On an errand for Raphael, he’d landed late into the night and had snuck into the closed kitchen desperate for a snack. Two minutes after he entered, Li Wei had busted him poking through her cupboards, delivered a sharp reprimand, then made him the best sandwich of his life—with a side of a cold potato-spice soup for which she’d refused to share the recipe no matter how much he begged.
The woman was so good a cook that she could pick and choose her employment.
It surprised him that she’d chosen to come to this place so unstable when he’d always seen her as efficient and warmhearted, but also stodgy in terms of her preferences.
“Hungry, are you?” she said now, and passed across a roll she’d filled with layers of delicately flavored meat, caramelized onions, and more deliciousness. “Eat, skinny boy.”

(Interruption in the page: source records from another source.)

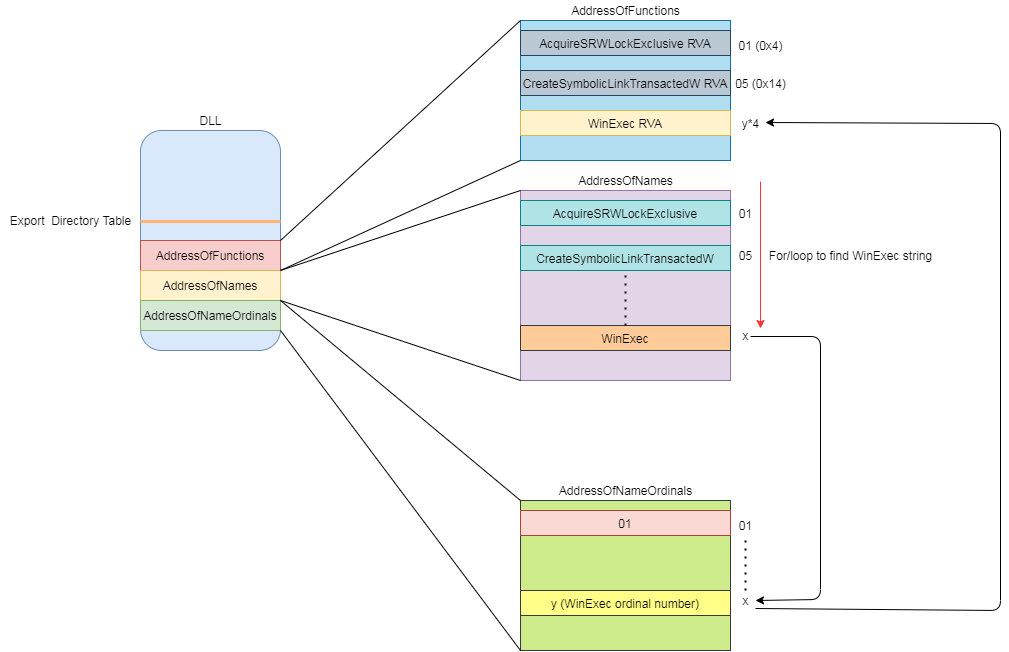

The diagram above was exported from draw.io. Its source (the exported page's mxGraphModel, read from the mxfile embedded in the PNG):
<mxGraphModel dx="1422" dy="762" grid="1" gridSize="10" guides="1" tooltips="1" connect="1" arrows="1" fold="1" page="1" pageScale="1" pageWidth="827" pageHeight="1169" math="0" shadow="0">
  <root>
    <mxCell id="0" />
    <mxCell id="1" parent="0" />
    <mxCell id="jBQ2BchXMt5oqRlgFwr3-1" value="" style="rounded=1;whiteSpace=wrap;html=1;fillColor=#dae8fc;strokeColor=#6c8ebf;" parent="1" vertex="1">
      <mxGeometry x="140" y="160" width="140" height="220" as="geometry" />
    </mxCell>
    <mxCell id="jBQ2BchXMt5oqRlgFwr3-2" value="Export&amp;nbsp; Directory Table" style="text;html=1;align=center;verticalAlign=middle;resizable=0;points=[];autosize=1;strokeColor=none;" parent="1" vertex="1">
      <mxGeometry y="240" width="140" height="20" as="geometry" />
    </mxCell>
    <mxCell id="jBQ2BchXMt5oqRlgFwr3-3" value="AddressOfFunctions" style="rounded=0;whiteSpace=wrap;html=1;fillColor=#f8cecc;strokeColor=#b85450;" parent="1" vertex="1">
      <mxGeometry x="140" y="270" width="140" height="30" as="geometry" />
    </mxCell>
    <mxCell id="jBQ2BchXMt5oqRlgFwr3-7" value="AddressOfNames" style="rounded=0;whiteSpace=wrap;html=1;fillColor=#fff2cc;strokeColor=#d6b656;" parent="1" vertex="1">
      <mxGeometry x="140" y="300" width="140" height="30" as="geometry" />
    </mxCell>
    <mxCell id="jBQ2BchXMt5oqRlgFwr3-8" value="AddressOfNameOrdinals" style="rounded=0;whiteSpace=wrap;html=1;fillColor=#d5e8d4;strokeColor=#82b366;" parent="1" vertex="1">
      <mxGeometry x="140" y="330" width="140" height="30" as="geometry" />
    </mxCell>
    <mxCell id="jBQ2BchXMt5oqRlgFwr3-9" value="" style="endArrow=none;html=1;exitX=0;exitY=0.5;exitDx=0;exitDy=0;strokeColor=#FFB570;strokeWidth=3;" parent="1" edge="1">
      <mxGeometry width="50" height="50" relative="1" as="geometry">
        <mxPoint x="140" y="251" as="sourcePoint" />
        <mxPoint x="280" y="251" as="targetPoint" />
      </mxGeometry>
    </mxCell>
    <mxCell id="jBQ2BchXMt5oqRlgFwr3-10" value="DLL" style="text;html=1;align=center;verticalAlign=middle;resizable=0;points=[];autosize=1;strokeColor=none;" parent="1" vertex="1">
      <mxGeometry x="190" y="140" width="40" height="20" as="geometry" />
    </mxCell>
    <mxCell id="jBQ2BchXMt5oqRlgFwr3-12" value="" style="rounded=0;whiteSpace=wrap;html=1;fillColor=#e1d5e7;strokeColor=#9673a6;" parent="1" vertex="1">
      <mxGeometry x="520" y="220" width="210" height="190" as="geometry" />
    </mxCell>
    <mxCell id="jBQ2BchXMt5oqRlgFwr3-13" value="WinExec" style="rounded=0;whiteSpace=wrap;html=1;fillColor=#ffcc99;strokeColor=#36393d;" parent="1" vertex="1">
      <mxGeometry x="520" y="355" width="210" height="25" as="geometry" />
    </mxCell>
    <mxCell id="jBQ2BchXMt5oqRlgFwr3-14" value="AcquireSRWLockExclusive" style="rounded=0;whiteSpace=wrap;html=1;fillColor=#b0e3e6;strokeColor=#0e8088;" parent="1" vertex="1">
      <mxGeometry x="520" y="230" width="210" height="25" as="geometry" />
    </mxCell>
    <mxCell id="jBQ2BchXMt5oqRlgFwr3-16" value="CreateSymbolicLinkTransactedW" style="rounded=0;whiteSpace=wrap;html=1;fillColor=#b0e3e6;strokeColor=#0e8088;" parent="1" vertex="1">
      <mxGeometry x="520" y="275" width="210" height="25" as="geometry" />
    </mxCell>
    <mxCell id="jBQ2BchXMt5oqRlgFwr3-20" value="" style="endArrow=none;dashed=1;html=1;dashPattern=1 3;strokeWidth=2;exitX=0.5;exitY=0;exitDx=0;exitDy=0;entryX=0.5;entryY=1;entryDx=0;entryDy=0;" parent="1" source="jBQ2BchXMt5oqRlgFwr3-13" target="jBQ2BchXMt5oqRlgFwr3-16" edge="1">
      <mxGeometry width="50" height="50" relative="1" as="geometry">
        <mxPoint x="460" y="250" as="sourcePoint" />
        <mxPoint x="510" y="200" as="targetPoint" />
      </mxGeometry>
    </mxCell>
    <mxCell id="jBQ2BchXMt5oqRlgFwr3-21" value="01 (0x4)" style="text;html=1;align=center;verticalAlign=middle;resizable=0;points=[];autosize=1;strokeColor=none;" parent="1" vertex="1">
      <mxGeometry x="730" y="65" width="60" height="20" as="geometry" />
    </mxCell>
    <mxCell id="jBQ2BchXMt5oqRlgFwr3-22" value="05 (0x14)" style="text;html=1;align=center;verticalAlign=middle;resizable=0;points=[];autosize=1;strokeColor=none;" parent="1" vertex="1">
      <mxGeometry x="725" y="102.5" width="70" height="20" as="geometry" />
    </mxCell>
    <mxCell id="jBQ2BchXMt5oqRlgFwr3-23" value="x" style="text;html=1;align=center;verticalAlign=middle;resizable=0;points=[];autosize=1;strokeColor=none;" parent="1" vertex="1">
      <mxGeometry x="735" y="355" width="20" height="20" as="geometry" />
    </mxCell>
    <mxCell id="jBQ2BchXMt5oqRlgFwr3-25" value="" style="rounded=0;whiteSpace=wrap;html=1;fillColor=#cdeb8b;strokeColor=#36393d;" parent="1" vertex="1">
      <mxGeometry x="520" y="530" width="210" height="150" as="geometry" />
    </mxCell>
    <mxCell id="jBQ2BchXMt5oqRlgFwr3-26" value="&lt;span&gt;AddressOfNames&lt;/span&gt;" style="text;html=1;align=center;verticalAlign=middle;resizable=0;points=[];autosize=1;strokeColor=none;" parent="1" vertex="1">
      <mxGeometry x="570" y="200" width="110" height="20" as="geometry" />
    </mxCell>
    <mxCell id="jBQ2BchXMt5oqRlgFwr3-27" value="&lt;span&gt;AddressOfNameOrdinals&lt;/span&gt;" style="text;html=1;align=center;verticalAlign=middle;resizable=0;points=[];autosize=1;strokeColor=none;" parent="1" vertex="1">
      <mxGeometry x="550" y="510" width="150" height="20" as="geometry" />
    </mxCell>
    <mxCell id="jBQ2BchXMt5oqRlgFwr3-28" value="01" style="text;html=1;align=center;verticalAlign=middle;resizable=0;points=[];autosize=1;strokeColor=none;" parent="1" vertex="1">
      <mxGeometry x="730" y="545" width="30" height="20" as="geometry" />
    </mxCell>
    <mxCell id="jBQ2BchXMt5oqRlgFwr3-29" value="" style="endArrow=none;dashed=1;html=1;dashPattern=1 3;strokeWidth=2;entryX=0.5;entryY=1.1;entryDx=0;entryDy=0;entryPerimeter=0;" parent="1" target="jBQ2BchXMt5oqRlgFwr3-28" edge="1">
      <mxGeometry width="50" height="50" relative="1" as="geometry">
        <mxPoint x="745" y="620" as="sourcePoint" />
        <mxPoint x="530" y="390" as="targetPoint" />
      </mxGeometry>
    </mxCell>
    <mxCell id="jBQ2BchXMt5oqRlgFwr3-30" value="x" style="text;html=1;align=center;verticalAlign=middle;resizable=0;points=[];autosize=1;strokeColor=none;" parent="1" vertex="1">
      <mxGeometry x="735" y="620" width="20" height="20" as="geometry" />
    </mxCell>
    <mxCell id="jBQ2BchXMt5oqRlgFwr3-31" value="y (WinExec ordinal number)" style="rounded=0;whiteSpace=wrap;html=1;fillColor=#ffff88;strokeColor=#36393d;" parent="1" vertex="1">
      <mxGeometry x="520" y="620" width="210" height="25" as="geometry" />
    </mxCell>
    <mxCell id="jBQ2BchXMt5oqRlgFwr3-32" value="" style="endArrow=classic;html=1;strokeColor=#000000;strokeWidth=1;entryX=1;entryY=0.5;entryDx=0;entryDy=0;entryPerimeter=0;" parent="1" target="jBQ2BchXMt5oqRlgFwr3-30" edge="1">
      <mxGeometry width="50" height="50" relative="1" as="geometry">
        <mxPoint x="750" y="366" as="sourcePoint" />
        <mxPoint x="530" y="390" as="targetPoint" />
        <Array as="points">
          <mxPoint x="820" y="366" />
          <mxPoint x="820" y="629" />
        </Array>
      </mxGeometry>
    </mxCell>
    <mxCell id="jBQ2BchXMt5oqRlgFwr3-33" value="" style="endArrow=none;html=1;strokeColor=#000000;strokeWidth=1;exitX=1;exitY=0;exitDx=0;exitDy=0;entryX=0;entryY=0;entryDx=0;entryDy=0;" parent="1" source="jBQ2BchXMt5oqRlgFwr3-7" target="jBQ2BchXMt5oqRlgFwr3-12" edge="1">
      <mxGeometry width="50" height="50" relative="1" as="geometry">
        <mxPoint x="480" y="440" as="sourcePoint" />
        <mxPoint x="530" y="390" as="targetPoint" />
      </mxGeometry>
    </mxCell>
    <mxCell id="jBQ2BchXMt5oqRlgFwr3-34" value="" style="endArrow=none;html=1;strokeColor=#000000;strokeWidth=1;exitX=1;exitY=0;exitDx=0;exitDy=0;entryX=0;entryY=1;entryDx=0;entryDy=0;" parent="1" source="jBQ2BchXMt5oqRlgFwr3-8" target="jBQ2BchXMt5oqRlgFwr3-12" edge="1">
      <mxGeometry width="50" height="50" relative="1" as="geometry">
        <mxPoint x="480" y="440" as="sourcePoint" />
        <mxPoint x="530" y="390" as="targetPoint" />
      </mxGeometry>
    </mxCell>
    <mxCell id="jBQ2BchXMt5oqRlgFwr3-35" value="" style="endArrow=none;html=1;strokeColor=#000000;strokeWidth=1;exitX=1;exitY=0;exitDx=0;exitDy=0;entryX=0;entryY=0;entryDx=0;entryDy=0;" parent="1" source="jBQ2BchXMt5oqRlgFwr3-8" target="jBQ2BchXMt5oqRlgFwr3-25" edge="1">
      <mxGeometry width="50" height="50" relative="1" as="geometry">
        <mxPoint x="230" y="550" as="sourcePoint" />
        <mxPoint x="280" y="500" as="targetPoint" />
      </mxGeometry>
    </mxCell>
    <mxCell id="jBQ2BchXMt5oqRlgFwr3-36" value="" style="endArrow=none;html=1;strokeColor=#000000;strokeWidth=1;exitX=1;exitY=1;exitDx=0;exitDy=0;entryX=0;entryY=1;entryDx=0;entryDy=0;" parent="1" source="jBQ2BchXMt5oqRlgFwr3-8" target="jBQ2BchXMt5oqRlgFwr3-25" edge="1">
      <mxGeometry width="50" height="50" relative="1" as="geometry">
        <mxPoint x="480" y="440" as="sourcePoint" />
        <mxPoint x="530" y="390" as="targetPoint" />
      </mxGeometry>
    </mxCell>
    <mxCell id="jBQ2BchXMt5oqRlgFwr3-40" value="" style="rounded=0;whiteSpace=wrap;html=1;fillColor=#b1ddf0;strokeColor=#10739e;" parent="1" vertex="1">
      <mxGeometry x="520" y="50" width="210" height="140" as="geometry" />
    </mxCell>
    <mxCell id="jBQ2BchXMt5oqRlgFwr3-41" value="01" style="rounded=0;whiteSpace=wrap;html=1;fillColor=#fad9d5;strokeColor=#ae4132;" parent="1" vertex="1">
      <mxGeometry x="520" y="540" width="210" height="25" as="geometry" />
    </mxCell>
    <mxCell id="jBQ2BchXMt5oqRlgFwr3-42" value="AcquireSRWLockExclusive RVA" style="rounded=0;whiteSpace=wrap;html=1;fillColor=#bac8d3;strokeColor=#23445d;" parent="1" vertex="1">
      <mxGeometry x="520" y="60" width="210" height="25" as="geometry" />
    </mxCell>
    <mxCell id="jBQ2BchXMt5oqRlgFwr3-43" value="CreateSymbolicLinkTransactedW RVA" style="rounded=0;whiteSpace=wrap;html=1;fillColor=#bac8d3;strokeColor=#23445d;" parent="1" vertex="1">
      <mxGeometry x="520" y="100" width="210" height="25" as="geometry" />
    </mxCell>
    <mxCell id="jBQ2BchXMt5oqRlgFwr3-44" value="" style="endArrow=classic;html=1;strokeColor=#000000;strokeWidth=1;exitX=1;exitY=1;exitDx=0;exitDy=0;exitPerimeter=0;entryX=1;entryY=0.475;entryDx=0;entryDy=0;entryPerimeter=0;" parent="1" target="jBQ2BchXMt5oqRlgFwr3-53" edge="1">
      <mxGeometry width="50" height="50" relative="1" as="geometry">
        <mxPoint x="755" y="638" as="sourcePoint" />
        <mxPoint x="800" y="153" as="targetPoint" />
        <Array as="points">
          <mxPoint x="1000" y="640" />
          <mxPoint x="1000" y="153" />
        </Array>
      </mxGeometry>
    </mxCell>
    <mxCell id="jBQ2BchXMt5oqRlgFwr3-45" value="WinExec RVA" style="rounded=0;whiteSpace=wrap;html=1;fillColor=#fff2cc;strokeColor=#d6b656;" parent="1" vertex="1">
      <mxGeometry x="520" y="140" width="210" height="25" as="geometry" />
    </mxCell>
    <mxCell id="jBQ2BchXMt5oqRlgFwr3-46" value="" style="endArrow=none;html=1;strokeColor=#000000;strokeWidth=1;exitX=1;exitY=0;exitDx=0;exitDy=0;entryX=0;entryY=0;entryDx=0;entryDy=0;" parent="1" source="jBQ2BchXMt5oqRlgFwr3-3" target="jBQ2BchXMt5oqRlgFwr3-40" edge="1">
      <mxGeometry width="50" height="50" relative="1" as="geometry">
        <mxPoint x="590" y="300" as="sourcePoint" />
        <mxPoint x="640" y="250" as="targetPoint" />
      </mxGeometry>
    </mxCell>
    <mxCell id="jBQ2BchXMt5oqRlgFwr3-47" value="" style="endArrow=none;html=1;strokeColor=#000000;strokeWidth=1;exitX=1;exitY=0;exitDx=0;exitDy=0;entryX=0;entryY=1;entryDx=0;entryDy=0;" parent="1" source="jBQ2BchXMt5oqRlgFwr3-7" target="jBQ2BchXMt5oqRlgFwr3-40" edge="1">
      <mxGeometry width="50" height="50" relative="1" as="geometry">
        <mxPoint x="620" y="330" as="sourcePoint" />
        <mxPoint x="670" y="280" as="targetPoint" />
      </mxGeometry>
    </mxCell>
    <mxCell id="jBQ2BchXMt5oqRlgFwr3-48" value="&lt;span&gt;AddressOfFunctions&lt;/span&gt;" style="text;html=1;align=center;verticalAlign=middle;resizable=0;points=[];autosize=1;strokeColor=none;" parent="1" vertex="1">
      <mxGeometry x="565" y="30" width="120" height="20" as="geometry" />
    </mxCell>
    <mxCell id="jBQ2BchXMt5oqRlgFwr3-49" value="" style="endArrow=classic;html=1;strokeWidth=1;strokeColor=#FF3333;entryX=1.25;entryY=0.15;entryDx=0;entryDy=0;entryPerimeter=0;" parent="1" target="jBQ2BchXMt5oqRlgFwr3-23" edge="1">
      <mxGeometry width="50" height="50" relative="1" as="geometry">
        <mxPoint x="760" y="211" as="sourcePoint" />
        <mxPoint x="820" y="359.5" as="targetPoint" />
      </mxGeometry>
    </mxCell>
    <mxCell id="jBQ2BchXMt5oqRlgFwr3-50" value="For/loop to find WinExec string" style="text;html=1;align=center;verticalAlign=middle;resizable=0;points=[];autosize=1;strokeColor=none;" parent="1" vertex="1">
      <mxGeometry x="760" y="275" width="180" height="20" as="geometry" />
    </mxCell>
    <mxCell id="jBQ2BchXMt5oqRlgFwr3-51" value="01" style="text;html=1;align=center;verticalAlign=middle;resizable=0;points=[];autosize=1;strokeColor=none;" parent="1" vertex="1">
      <mxGeometry x="730" y="232.5" width="30" height="20" as="geometry" />
    </mxCell>
    <mxCell id="jBQ2BchXMt5oqRlgFwr3-52" value="05" style="text;html=1;align=center;verticalAlign=middle;resizable=0;points=[];autosize=1;strokeColor=none;" parent="1" vertex="1">
      <mxGeometry x="730" y="275" width="30" height="20" as="geometry" />
    </mxCell>
    <mxCell id="jBQ2BchXMt5oqRlgFwr3-53" value="y*4" style="text;html=1;align=center;verticalAlign=middle;resizable=0;points=[];autosize=1;strokeColor=none;" parent="1" vertex="1">
      <mxGeometry x="735" y="142.5" width="30" height="20" as="geometry" />
    </mxCell>
  </root>
</mxGraphModel>

Illium liked her a whole lot. She’d lived long enough that she had no time for anyone’s bullshit. Next to her, Kai—despite her innate confidence—was a fragile bloom barely budded, to be treated with care. He spoke to her as he ate, learned that her entire family had survived the fog.
“Our village was in a valley where the fog didn’t seem to be able to reach,” she said. “It hovered above us like a horrible cloud, but it never dropped.”
“Hell, that must’ve been terrifying.” Illium couldn’t imagine the kind of fear her family and the others with them must’ve experienced.
But Kai shook her head. “We didn’t know, you see. What the fog was doing. We thought it was a bad storm—so bad that it had cut off all communication with the outside world. It was only after that we . . .”
She took a shuddering breath. “Later, when the archangel flew away with her army, she didn’t call us up. We think perhaps she didn’t know us because the fog didn’t touch us.”
It was an excellent theory, the fog an extension of Lijuan’s power.
“More?” Li Wei asked after he was done, and had chased it all down with a tall glass of water.
“No.” He grinned and bowed over her hand. “I thank you for the sustenance, my beauteous Li Wei.”
“Ha! Off you go, you scamp.”
He left with a light salute for her, and a soft smile aimed Kai’s way. While he was assisting with the sentries so they could take more breaks, he had no official assigned area. He decided to use that freedom to check on Aodhan, having not seen his friend for the past hour.
This place . . .
He shivered, just not liking the feel of it. Especially now that they had a survivor who’d come out of nowhere and who spoke about Lijuan walking the earth.
* * *
*
Aodhan stood underneath a sky smudged a charcoal gray that said night hadn’t yet released its grasp on the world. Having flown to the highest point in the area—the forested tip of one of Zhangjiajie’s unearthly pillars—Aodhan waited for the light, his intent to search for any signs of unusual movement or activity.
Lijuan’s monstrous creatures weren’t the smartest when they were hungry or injured.
“Why are you lurking in the dark like a bloodborn vampire out of one of your horror movies?”
Aodhan didn’t startle; he’d heard the snap of Illium’s wings as he landed behind him, felt the wind it generated. “Since when do you know anything about horror movies?” he said, light bursting inside him in tiny bubbles at the fact Illium had hunted him down.
“I know many things, young grasshopper.” The other man came to stand beside him. “Oh, I see. This is the best vantage point in the area. You’re waiting for the dawn?”
Aodhan nodded, his throat dry without warning and his face hot. It happened like this sometimes, a sudden flashback to the endless darkness that had been his world once upon a time.
He’d learned to live in the night again, learned to accept that the sun and the moon couldn’t always be his companions—but right then, he came to understand that part of why he so loved New York was that Raphael’s city was never truly dark.
A brush of a wing across his own.
His heart twisted, clenched, clung. He said nothing. Nothing needed to be said. Illium knew his nightmares, had seen him at his most broken, when his wings had been nothing but tendons held together by rotted webbing, and his spirit a thing splintered. Illium understood the horrors the dark held for Aodhan, understood that as long as the night existed, Aodhan could never truly forget.
He didn’t know how long they stood there in a silence that wasn’t comfortable or uncomfortable. It was . . . It had no words. No description. It was a thing formed out of time and friendship and loyalty.